Work item:
Look in the material below for the line with "#251=ORIENTED_EDGE('',*,*,#73,.T.);" and the line with "#259=FACE_BOUND('',#258,.T.);", then set down exactly those two lines and all lines between, nothing more.

Data for review:
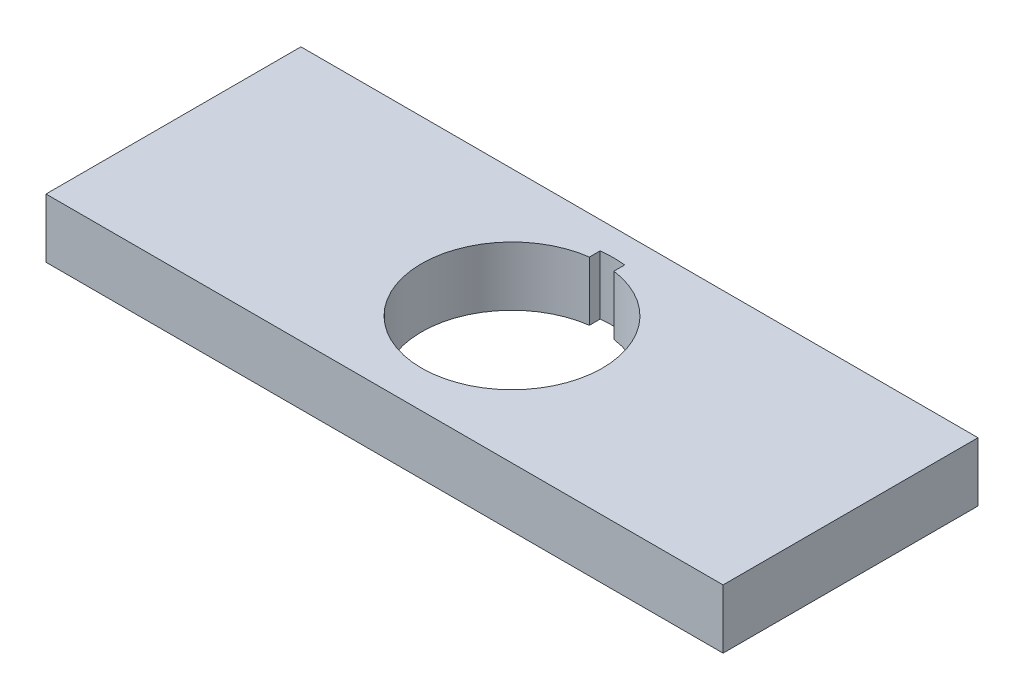
ISO-10303-21;
HEADER;
FILE_DESCRIPTION(('STEP AP214'),'2;1');
FILE_NAME('part.step','',(''),(''),'','','');
FILE_SCHEMA(('AUTOMOTIVE_DESIGN { 1 0 10303 214 1 1 1 1 }'));
ENDSEC;
DATA;
#1=APPLICATION_CONTEXT('core data for automotive mechanical design processes');
#2=APPLICATION_PROTOCOL_DEFINITION('international standard','automotive_design',2000,#1);
#3=PRODUCT_CONTEXT('',#1,'mechanical');
#4=PRODUCT('Part','Part','',(#3));
#5=PRODUCT_RELATED_PRODUCT_CATEGORY('part','',(#4));
#6=PRODUCT_DEFINITION_FORMATION('','',#4);
#7=PRODUCT_DEFINITION_CONTEXT('part definition',#1,'design');
#8=PRODUCT_DEFINITION('design','',#6,#7);
#9=PRODUCT_DEFINITION_SHAPE('','',#8);
#10=(LENGTH_UNIT() NAMED_UNIT(*) SI_UNIT(.MILLI.,.METRE.));
#11=(NAMED_UNIT(*) PLANE_ANGLE_UNIT() SI_UNIT($,.RADIAN.));
#12=(NAMED_UNIT(*) SI_UNIT($,.STERADIAN.) SOLID_ANGLE_UNIT());
#13=UNCERTAINTY_MEASURE_WITH_UNIT(LENGTH_MEASURE(1.E-05),#10,'distance_accuracy_value','');
#14=(GEOMETRIC_REPRESENTATION_CONTEXT(3) GLOBAL_UNCERTAINTY_ASSIGNED_CONTEXT((#13)) GLOBAL_UNIT_ASSIGNED_CONTEXT((#10,
#11,#12)) REPRESENTATION_CONTEXT('',''));
#15=CARTESIAN_POINT('',(0.,0.,0.));
#16=DIRECTION('',(0.,0.,1.));
#17=DIRECTION('',(1.,0.,0.));
#18=AXIS2_PLACEMENT_3D('',#15,#16,#17);
#19=CARTESIAN_POINT('',(33.2,62.5,91.6528319358271));
#20=DIRECTION('',(-1.,0.,0.));
#21=DIRECTION('',(0.,0.,1.));
#22=AXIS2_PLACEMENT_3D('',#19,#20,#21);
#23=PLANE('',#22);
#24=DIRECTION('',(0.,1.,0.));
#25=VECTOR('',#24,1.);
#26=CARTESIAN_POINT('',(33.2,62.5,25.000000038));
#27=LINE('',#26,#25);
#28=CARTESIAN_POINT('',(33.2,56.7,25.000000038));
#29=VERTEX_POINT('',#28);
#30=CARTESIAN_POINT('',(33.2,62.5,25.000000038));
#31=VERTEX_POINT('',#30);
#32=EDGE_CURVE('E157',#29,#31,#27,.T.);
#33=ORIENTED_EDGE('',*,*,#32,.F.);
#34=DIRECTION('',(0.,0.,-1.));
#35=VECTOR('',#34,1.);
#36=CARTESIAN_POINT('',(33.2,56.7,91.6528319358271));
#37=LINE('',#36,#35);
#38=CARTESIAN_POINT('',(33.2,56.7,0.));
#39=VERTEX_POINT('',#38);
#40=EDGE_CURVE('E36',#29,#39,#37,.T.);
#41=ORIENTED_EDGE('',*,*,#40,.T.);
#42=DIRECTION('',(0.,1.,0.));
#43=VECTOR('',#42,1.);
#44=CARTESIAN_POINT('',(33.2,62.5,0.));
#45=LINE('',#44,#43);
#46=CARTESIAN_POINT('',(33.2,62.5,0.));
#47=VERTEX_POINT('',#46);
#48=EDGE_CURVE('E152',#39,#47,#45,.T.);
#49=ORIENTED_EDGE('',*,*,#48,.T.);
#50=DIRECTION('',(0.,0.,-1.));
#51=VECTOR('',#50,1.);
#52=CARTESIAN_POINT('',(33.2,62.5,91.6528319358271));
#53=LINE('',#52,#51);
#54=EDGE_CURVE('E151',#31,#47,#53,.T.);
#55=ORIENTED_EDGE('',*,*,#54,.F.);
#56=EDGE_LOOP('',(#33,#41,#49,#55));
#57=FACE_BOUND('',#56,.T.);
#58=ADVANCED_FACE('F32',(#57),#23,.F.);
#59=CARTESIAN_POINT('',(33.2,62.5,91.6528319358271));
#60=DIRECTION('',(0.,-1.,0.));
#61=DIRECTION('',(0.,0.,-1.));
#62=AXIS2_PLACEMENT_3D('',#59,#60,#61);
#63=PLANE('',#62);
#64=CARTESIAN_POINT('',(0.,62.5,12.500000019));
#65=DIRECTION('',(0.,1.,0.));
#66=DIRECTION('',(0.,0.,1.));
#67=AXIS2_PLACEMENT_3D('',#64,#65,#66);
#68=CIRCLE('',#67,8.875);
#69=CARTESIAN_POINT('',(-1.20000000000001,62.5,3.70650099983817));
#70=VERTEX_POINT('',#69);
#71=CARTESIAN_POINT('',(1.19999999999999,62.5,3.70650099983817));
#72=VERTEX_POINT('',#71);
#73=EDGE_CURVE('E123',#70,#72,#68,.T.);
#74=ORIENTED_EDGE('',*,*,#73,.F.);
#75=DIRECTION('',(0.,0.,-1.));
#76=VECTOR('',#75,1.);
#77=CARTESIAN_POINT('',(-1.20000000000001,62.5,2.65788515480541));
#78=LINE('',#77,#76);
#79=CARTESIAN_POINT('',(-1.20000000000001,62.5,2.65788515480541));
#80=VERTEX_POINT('',#79);
#81=EDGE_CURVE('E102',#70,#80,#78,.T.);
#82=ORIENTED_EDGE('',*,*,#81,.T.);
#83=CARTESIAN_POINT('',(0.,62.5,12.500000019));
#84=DIRECTION('',(0.,-1.,0.));
#85=DIRECTION('',(1.,0.,0.));
#86=AXIS2_PLACEMENT_3D('',#83,#84,#85);
#87=CIRCLE('',#86,9.915);
#88=CARTESIAN_POINT('',(1.19999999999999,62.5,2.65788515480541));
#89=VERTEX_POINT('',#88);
#90=EDGE_CURVE('E113',#80,#89,#87,.T.);
#91=ORIENTED_EDGE('',*,*,#90,.T.);
#92=DIRECTION('',(0.,0.,1.));
#93=VECTOR('',#92,1.);
#94=CARTESIAN_POINT('',(1.19999999999999,62.5,2.65788515480541));
#95=LINE('',#94,#93);
#96=EDGE_CURVE('E110',#89,#72,#95,.T.);
#97=ORIENTED_EDGE('',*,*,#96,.T.);
#98=EDGE_LOOP('',(#74,#82,#91,#97));
#99=FACE_BOUND('',#98,.T.);
#100=DIRECTION('',(-1.,0.,0.));
#101=VECTOR('',#100,1.);
#102=CARTESIAN_POINT('',(33.2,62.5,25.000000038));
#103=LINE('',#102,#101);
#104=CARTESIAN_POINT('',(-33.2,62.5,25.000000038));
#105=VERTEX_POINT('',#104);
#106=EDGE_CURVE('E41',#31,#105,#103,.T.);
#107=ORIENTED_EDGE('',*,*,#106,.F.);
#108=ORIENTED_EDGE('',*,*,#54,.T.);
#109=DIRECTION('',(-1.,0.,0.));
#110=VECTOR('',#109,1.);
#111=CARTESIAN_POINT('',(33.2,62.5,0.));
#112=LINE('',#111,#110);
#113=CARTESIAN_POINT('',(-33.2,62.5,0.));
#114=VERTEX_POINT('',#113);
#115=EDGE_CURVE('E148',#47,#114,#112,.T.);
#116=ORIENTED_EDGE('',*,*,#115,.T.);
#117=DIRECTION('',(0.,0.,-1.));
#118=VECTOR('',#117,1.);
#119=CARTESIAN_POINT('',(-33.2,62.5,91.6528319358271));
#120=LINE('',#119,#118);
#121=EDGE_CURVE('E147',#105,#114,#120,.T.);
#122=ORIENTED_EDGE('',*,*,#121,.F.);
#123=EDGE_LOOP('',(#107,#108,#116,#122));
#124=FACE_BOUND('',#123,.T.);
#125=ADVANCED_FACE('F120',(#99,#124),#63,.F.);
#126=CARTESIAN_POINT('',(-33.2,62.5,91.6528319358271));
#127=DIRECTION('',(1.,0.,0.));
#128=DIRECTION('',(0.,1.,0.));
#129=AXIS2_PLACEMENT_3D('',#126,#127,#128);
#130=PLANE('',#129);
#131=DIRECTION('',(0.,-1.,0.));
#132=VECTOR('',#131,1.);
#133=CARTESIAN_POINT('',(-33.2,62.5,25.000000038));
#134=LINE('',#133,#132);
#135=CARTESIAN_POINT('',(-33.2,56.7,25.000000038));
#136=VERTEX_POINT('',#135);
#137=EDGE_CURVE('E11',#105,#136,#134,.T.);
#138=ORIENTED_EDGE('',*,*,#137,.F.);
#139=ORIENTED_EDGE('',*,*,#121,.T.);
#140=DIRECTION('',(0.,-1.,0.));
#141=VECTOR('',#140,1.);
#142=CARTESIAN_POINT('',(-33.2,62.5,0.));
#143=LINE('',#142,#141);
#144=CARTESIAN_POINT('',(-33.2,56.7,0.));
#145=VERTEX_POINT('',#144);
#146=EDGE_CURVE('E144',#114,#145,#143,.T.);
#147=ORIENTED_EDGE('',*,*,#146,.T.);
#148=DIRECTION('',(0.,0.,-1.));
#149=VECTOR('',#148,1.);
#150=CARTESIAN_POINT('',(-33.2,56.7,91.6528319358271));
#151=LINE('',#150,#149);
#152=EDGE_CURVE('E143',#136,#145,#151,.T.);
#153=ORIENTED_EDGE('',*,*,#152,.F.);
#154=EDGE_LOOP('',(#138,#139,#147,#153));
#155=FACE_BOUND('',#154,.T.);
#156=ADVANCED_FACE('F168',(#155),#130,.F.);
#157=CARTESIAN_POINT('',(33.2,56.7,91.6528319358271));
#158=DIRECTION('',(0.,1.,0.));
#159=DIRECTION('',(-1.,0.,0.));
#160=AXIS2_PLACEMENT_3D('',#157,#158,#159);
#161=PLANE('',#160);
#162=CARTESIAN_POINT('',(0.,56.7,12.500000019));
#163=DIRECTION('',(0.,-1.,0.));
#164=DIRECTION('',(1.,0.,0.));
#165=AXIS2_PLACEMENT_3D('',#162,#163,#164);
#166=CIRCLE('',#165,9.915);
#167=CARTESIAN_POINT('',(-1.20000000000001,56.7,2.65788515480541));
#168=VERTEX_POINT('',#167);
#169=CARTESIAN_POINT('',(1.19999999999999,56.7,2.65788515480541));
#170=VERTEX_POINT('',#169);
#171=EDGE_CURVE('E125',#168,#170,#166,.T.);
#172=ORIENTED_EDGE('',*,*,#171,.F.);
#173=DIRECTION('',(0.,0.,-1.));
#174=VECTOR('',#173,1.);
#175=CARTESIAN_POINT('',(-1.20000000000001,56.7,2.65788515480541));
#176=LINE('',#175,#174);
#177=CARTESIAN_POINT('',(-1.20000000000001,56.7,3.70650099983817));
#178=VERTEX_POINT('',#177);
#179=EDGE_CURVE('E105',#178,#168,#176,.T.);
#180=ORIENTED_EDGE('',*,*,#179,.F.);
#181=CARTESIAN_POINT('',(0.,56.7,12.500000019));
#182=DIRECTION('',(0.,1.,0.));
#183=DIRECTION('',(0.,0.,1.));
#184=AXIS2_PLACEMENT_3D('',#181,#182,#183);
#185=CIRCLE('',#184,8.875);
#186=CARTESIAN_POINT('',(1.19999999999999,56.7,3.70650099983817));
#187=VERTEX_POINT('',#186);
#188=EDGE_CURVE('E136',#178,#187,#185,.T.);
#189=ORIENTED_EDGE('',*,*,#188,.T.);
#190=DIRECTION('',(0.,0.,1.));
#191=VECTOR('',#190,1.);
#192=CARTESIAN_POINT('',(1.19999999999999,56.7,2.65788515480541));
#193=LINE('',#192,#191);
#194=EDGE_CURVE('E49',#170,#187,#193,.T.);
#195=ORIENTED_EDGE('',*,*,#194,.F.);
#196=EDGE_LOOP('',(#172,#180,#189,#195));
#197=FACE_BOUND('',#196,.T.);
#198=DIRECTION('',(1.,0.,0.));
#199=VECTOR('',#198,1.);
#200=CARTESIAN_POINT('',(33.2,56.7,25.000000038));
#201=LINE('',#200,#199);
#202=EDGE_CURVE('E142',#136,#29,#201,.T.);
#203=ORIENTED_EDGE('',*,*,#202,.F.);
#204=ORIENTED_EDGE('',*,*,#152,.T.);
#205=DIRECTION('',(1.,0.,0.));
#206=VECTOR('',#205,1.);
#207=CARTESIAN_POINT('',(33.2,56.7,0.));
#208=LINE('',#207,#206);
#209=EDGE_CURVE('E140',#145,#39,#208,.T.);
#210=ORIENTED_EDGE('',*,*,#209,.T.);
#211=ORIENTED_EDGE('',*,*,#40,.F.);
#212=EDGE_LOOP('',(#203,#204,#210,#211));
#213=FACE_BOUND('',#212,.T.);
#214=ADVANCED_FACE('F163',(#197,#213),#161,.F.);
#215=CARTESIAN_POINT('',(0.,0.,0.));
#216=DIRECTION('',(0.,0.,-1.));
#217=DIRECTION('',(-1.,0.,0.));
#218=AXIS2_PLACEMENT_3D('',#215,#216,#217);
#219=PLANE('',#218);
#220=ORIENTED_EDGE('',*,*,#48,.F.);
#221=ORIENTED_EDGE('',*,*,#209,.F.);
#222=ORIENTED_EDGE('',*,*,#146,.F.);
#223=ORIENTED_EDGE('',*,*,#115,.F.);
#224=EDGE_LOOP('',(#220,#221,#222,#223));
#225=FACE_BOUND('',#224,.T.);
#226=ADVANCED_FACE('F172',(#225),#219,.T.);
#227=CARTESIAN_POINT('',(0.,0.,25.000000038));
#228=DIRECTION('',(0.,0.,1.));
#229=DIRECTION('',(1.,0.,0.));
#230=AXIS2_PLACEMENT_3D('',#227,#228,#229);
#231=PLANE('',#230);
#232=ORIENTED_EDGE('',*,*,#202,.T.);
#233=ORIENTED_EDGE('',*,*,#32,.T.);
#234=ORIENTED_EDGE('',*,*,#106,.T.);
#235=ORIENTED_EDGE('',*,*,#137,.T.);
#236=EDGE_LOOP('',(#232,#233,#234,#235));
#237=FACE_BOUND('',#236,.T.);
#238=ADVANCED_FACE('F34',(#237),#231,.T.);
#239=CARTESIAN_POINT('',(0.,56.7,12.500000019));
#240=DIRECTION('',(0.,1.,0.));
#241=DIRECTION('',(0.,0.,1.));
#242=AXIS2_PLACEMENT_3D('',#239,#240,#241);
#243=CYLINDRICAL_SURFACE('',#242,8.875);
#244=ORIENTED_EDGE('',*,*,#188,.F.);
#245=DIRECTION('',(0.,-1.,0.));
#246=VECTOR('',#245,1.);
#247=CARTESIAN_POINT('',(-1.20000000000001,62.5,3.70650099983817));
#248=LINE('',#247,#246);
#249=EDGE_CURVE('E131',#70,#178,#248,.T.);
#250=ORIENTED_EDGE('',*,*,#249,.F.);
#251=ORIENTED_EDGE('',*,*,#73,.T.);
#252=DIRECTION('',(0.,-1.,0.));
#253=VECTOR('',#252,1.);
#254=CARTESIAN_POINT('',(1.19999999999999,62.5,3.70650099983817));
#255=LINE('',#254,#253);
#256=EDGE_CURVE('E133',#72,#187,#255,.T.);
#257=ORIENTED_EDGE('',*,*,#256,.T.);
#258=EDGE_LOOP('',(#244,#250,#251,#257));
#259=FACE_BOUND('',#258,.T.);
#260=ADVANCED_FACE('F189',(#259),#243,.F.);
#261=CARTESIAN_POINT('',(-1.20000000000001,62.5,2.65788515480541));
#262=DIRECTION('',(-1.,0.,0.));
#263=DIRECTION('',(0.,-1.,0.));
#264=AXIS2_PLACEMENT_3D('',#261,#262,#263);
#265=PLANE('',#264);
#266=ORIENTED_EDGE('',*,*,#179,.T.);
#267=DIRECTION('',(0.,-1.,0.));
#268=VECTOR('',#267,1.);
#269=CARTESIAN_POINT('',(-1.20000000000001,62.5,2.65788515480541));
#270=LINE('',#269,#268);
#271=EDGE_CURVE('E98',#80,#168,#270,.T.);
#272=ORIENTED_EDGE('',*,*,#271,.F.);
#273=ORIENTED_EDGE('',*,*,#81,.F.);
#274=ORIENTED_EDGE('',*,*,#249,.T.);
#275=EDGE_LOOP('',(#266,#272,#273,#274));
#276=FACE_BOUND('',#275,.T.);
#277=ADVANCED_FACE('F100',(#276),#265,.F.);
#278=CARTESIAN_POINT('',(1.19999999999999,62.5,2.65788515480541));
#279=DIRECTION('',(1.,0.,0.));
#280=DIRECTION('',(0.,1.,0.));
#281=AXIS2_PLACEMENT_3D('',#278,#279,#280);
#282=PLANE('',#281);
#283=ORIENTED_EDGE('',*,*,#194,.T.);
#284=ORIENTED_EDGE('',*,*,#256,.F.);
#285=ORIENTED_EDGE('',*,*,#96,.F.);
#286=DIRECTION('',(0.,-1.,0.));
#287=VECTOR('',#286,1.);
#288=CARTESIAN_POINT('',(1.19999999999999,62.5,2.65788515480541));
#289=LINE('',#288,#287);
#290=EDGE_CURVE('E109',#89,#170,#289,.T.);
#291=ORIENTED_EDGE('',*,*,#290,.T.);
#292=EDGE_LOOP('',(#283,#284,#285,#291));
#293=FACE_BOUND('',#292,.T.);
#294=ADVANCED_FACE('F195',(#293),#282,.F.);
#295=CARTESIAN_POINT('',(0.,62.5,12.500000019));
#296=DIRECTION('',(0.,-1.,0.));
#297=DIRECTION('',(1.,0.,0.));
#298=AXIS2_PLACEMENT_3D('',#295,#296,#297);
#299=CYLINDRICAL_SURFACE('',#298,9.915);
#300=ORIENTED_EDGE('',*,*,#171,.T.);
#301=ORIENTED_EDGE('',*,*,#290,.F.);
#302=ORIENTED_EDGE('',*,*,#90,.F.);
#303=ORIENTED_EDGE('',*,*,#271,.T.);
#304=EDGE_LOOP('',(#300,#301,#302,#303));
#305=FACE_BOUND('',#304,.T.);
#306=ADVANCED_FACE('F114',(#305),#299,.F.);
#307=CLOSED_SHELL('',(#58,#125,#156,#214,#226,#238,#260,#277,#294,#306));
#308=MANIFOLD_SOLID_BREP('B2',#307);
#309=ADVANCED_BREP_SHAPE_REPRESENTATION('',(#18,#308),#14);
#310=SHAPE_DEFINITION_REPRESENTATION(#9,#309);
ENDSEC;
END-ISO-10303-21;

Output below:
#251=ORIENTED_EDGE('',*,*,#73,.T.);
#252=DIRECTION('',(0.,-1.,0.));
#253=VECTOR('',#252,1.);
#254=CARTESIAN_POINT('',(1.19999999999999,62.5,3.70650099983817));
#255=LINE('',#254,#253);
#256=EDGE_CURVE('E133',#72,#187,#255,.T.);
#257=ORIENTED_EDGE('',*,*,#256,.T.);
#258=EDGE_LOOP('',(#244,#250,#251,#257));
#259=FACE_BOUND('',#258,.T.);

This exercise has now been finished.